SELECT processA.date_time date_time,
processA.valueA valueA,
AVG(processB.valueB) valueB
FROM processA
LEFT JOIN (
SELECT a,
MIN(ABS(timediff)) windowsize
FROM (
SELECT a.date_time a,
TIMESTAMPDIFF(SECOND, a.date_time, b.date_time) timediff
FROM processA a
JOIN processB b
ON TIMESTAMPDIFF(SECOND, a.date_time, b.date_time) >= -1800
AND TIMESTAMPDIFF(SECOND, a.date_time, b.date_time) < 1800
) d
GROUP BY a
) j ON processA.date_time = j.a
LEFT JOIN processB ON ( processB.date_time >= j.a - INTERVAL j.windowsize SECOND
AND processB.date_time <= j.a + INTERVAL j.windowsize SECOND
AND processB.date_time < j.a + INTERVAL 1800 SECOND)

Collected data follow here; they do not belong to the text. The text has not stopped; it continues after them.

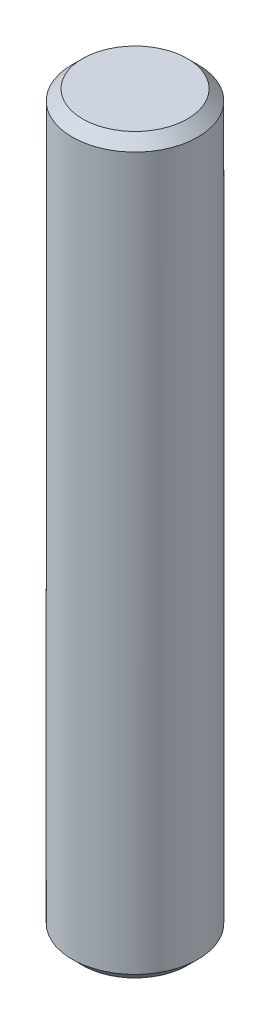
SolidWorks part; units mm, degrees
ref_plane "Front Plane" through (0, 0, 0) normal (0, 0, 1) x (1, 0, 0)
ref_plane "Top Plane" through (0, 0, 0) normal (0, 1, 0) x (1, 0, 0)
ref_plane "Right Plane" through (0, 0, 0) normal (1, 0, 0) x (0, 0, -1)
sketch "Sketch1" plane through (0, 0, 0) normal (1, 0, 0) x (0, 0, -1)
  line L1 (0, 0) -> (6, 0)
  line L2 (0, 0) -> (0, 70)
  line L3 (0, 70) -> (6, 70)
  line L4 (6, 0) -> (6, 70)
  dimension "D1" = 70
  dimension "D2" = 6
revolve "Revolve1" add sketch "Sketch1" angle 360 about L2
cosmetic thread "Cosmetic Thread1" parameters "D1"=40, "D2"=10.072
cosmetic thread "Cosmetic Thread2" parameters "D1"=14, "D2"=10.072
chamfer "Chamfer1" distance 1 angle 45 2 edges at (0, 0, -6) (0, 70, -6)

GROUP BY processA.date_time, processA.valueA
Notice there are a couple of open ranges here (< operators instead of <= operators). Those are there to accomodate your [-30, 30) open range. Here's the query. http://sqlfiddle.com/#!2/48f54/45/0
This final query joins together three tables: processA, our virtual table showing the search range for each timestamp, and process B. The last ON clause performs the actual range search. It's made slightly more complicated by the open range.
See how this goes? It's helpful to construct the query from the inside out.
Don't forget to put an index on processB.date_time.
I am taking the liberty of leaving the join of processC to this virtual table to you.